How to complete this task:
From the material below, copy every line in which the word "Hole" occurs.

---------------

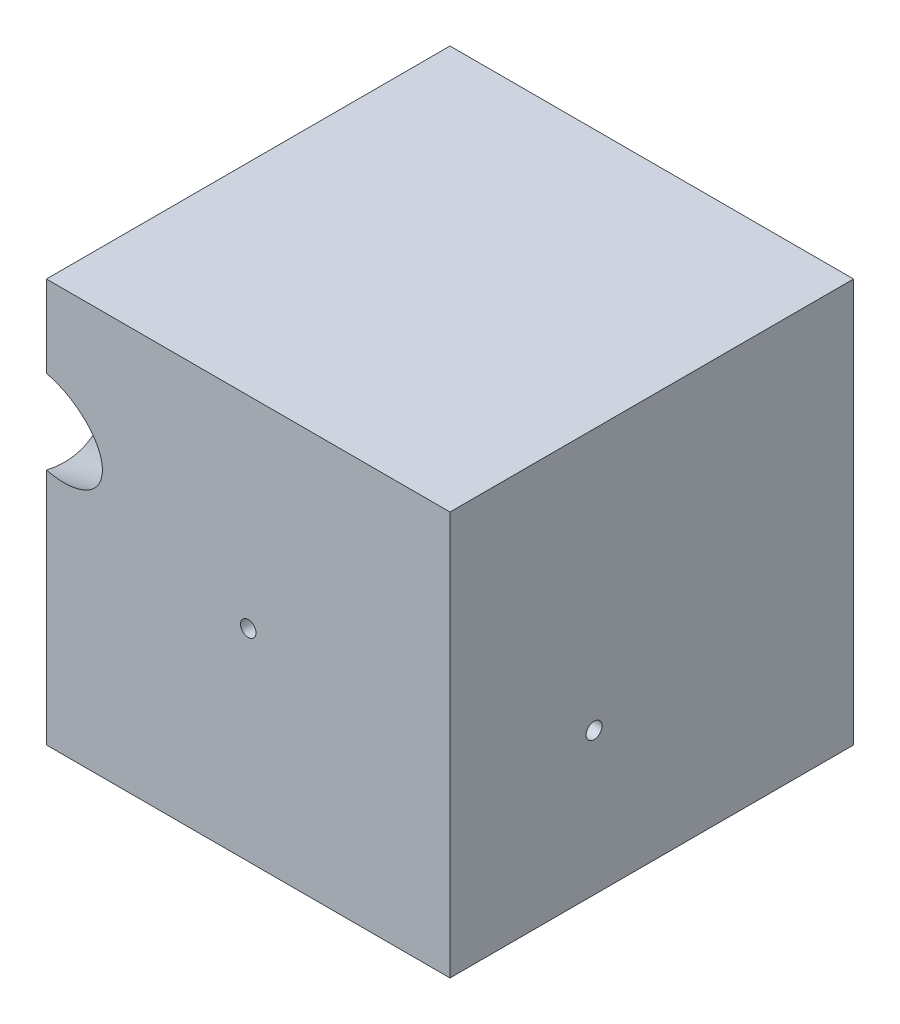
SolidWorks part; units mm, degrees
other "Markup1"
sketch "Sketch17" plane through (26, 26, 0) normal (0.2144, 0.2359, -0.9478) x (-0.9746, -0.0125, -0.2235)
other "Markup2"
sketch "Sketch18" plane through (26, 26, 52) normal (0.7408, 0.3225, 0.5893) x (0.4554, 0.4038, -0.7934)
material "ABS"
ref_plane "Front Plane" through (0, 0, 0) normal (0, 0, 1) x (1, 0, 0)
ref_plane "Top Plane" through (0, 0, 0) normal (0, 1, 0) x (1, 0, 0)
ref_plane "Right Plane" through (0, 0, 0) normal (1, 0, 0) x (0, 0, -1)
sketch "Square" plane through (0, 0, 0) normal (0, 0, 1) x (1, 0, 0)
  line L1 (-26, -26) -> (26, -26)
  line L2 (-26, -26) -> (-26, 26)
  line L3 (-26, 26) -> (26, 26)
  line L4 (26, -26) -> (26, 26)
  line L5 (-26, -26) -> (26, 26) construction
  line L6 (-26, 26) -> (26, -26) construction
  point P0 (0, 0)
  dimension "D1" = 52
extrude "Cube-Extrusion" add sketch "Square" along normal blind 52
ref_plane "StickPlane" through (-28.8889, 14.4444, 28.8889) normal (0.6667, -0.3333, -0.6667) x (-0.7454, -0.2981, -0.5963)
sketch "Stick-Hole" plane through (-28.8889, 14.4444, 28.8889) normal (0.6667, -0.3333, -0.6667) x (-0.7454, -0.2981, -0.5963)
  line L0 (-19.3793, 0) -> (-3.8759, -46.5102) construction
  circle A0 centre (-14.6358, -14.2302) radius 5.1
  dimension "D2" = 10.2
  dimension "D1" = 15
extrude "Stick-Cut" cut sketch "Stick-Hole" against normal through all from offset 15
sketch "Sketch12" plane through (0, 0, 52) normal (0, 0, 1) x (1, 0, 0)
  circle A0 centre (0, 0) radius 1
  dimension "D1" = 2
extrude "Cut-Extrude8" cut sketch "Sketch12" against normal blind 12
sketch "Sketch13" plane through (0, 0, 0) normal (0, 0, -1) x (-1, 0, 0)
  circle A0 centre (0, 0) radius 1
  dimension "D1" = 2
extrude "Cut-Extrude9" cut sketch "Sketch13" against normal blind 12
sketch "Sketch14" plane through (-26, 0, 0) normal (-1, 0, 0) x (0, 0, 1)
  line L0 (0, 26) -> (0, -26) construction
  line L1 (52, 26) -> (0, 26) construction
  line L2 (52, -26) -> (0, -26) construction
  circle A0 centre (10.5144, 15.4825) radius 1
  circle A1 centre (20.4493, -13.8146) radius 1
  dimension "D1" = 2
  dimension "D2" = 10.5144
  dimension "D3" = 10.5175
  dimension "D4" = 20.4493
  dimension "D5" = 12.1854
extrude "Cut-Extrude10" cut sketch "Sketch14" against normal blind 12
sketch "Sketch15" plane through (26, 0, 0) normal (1, 0, 0) x (0, 0, -1)
  circle A0 centre (-33.4399, -7.6506) radius 1.0307
extrude "Cut-Extrude11" cut sketch "Sketch15" against normal blind 12
sketch "Sketch16" plane through (0, -26, 0) normal (0, -1, 0) x (1, 0, 0)
  line L0 (-26, 52) -> (-26, 0) construction
  line L1 (-26, 0) -> (26, 0) construction
  circle A0 centre (-9, 44.28) radius 1
  dimension "D3" = 2
  dimension "D1" = 17
  dimension "D2" = 44.28
extrude "Cut-Extrude12" cut sketch "Sketch16" against normal blind 12
ref_plane "Plane1" through (0, 0, 0) normal (0.2823, 0.9593, 0) x (0.9593, -0.2823, 0)

---------------

Output:
sketch "Stick-Hole" plane through (-28.8889, 14.4444, 28.8889) normal (0.6667, -0.3333, -0.6667) x (-0.7454, -0.2981, -0.5963)
extrude "Stick-Cut" cut sketch "Stick-Hole" against normal through all from offset 15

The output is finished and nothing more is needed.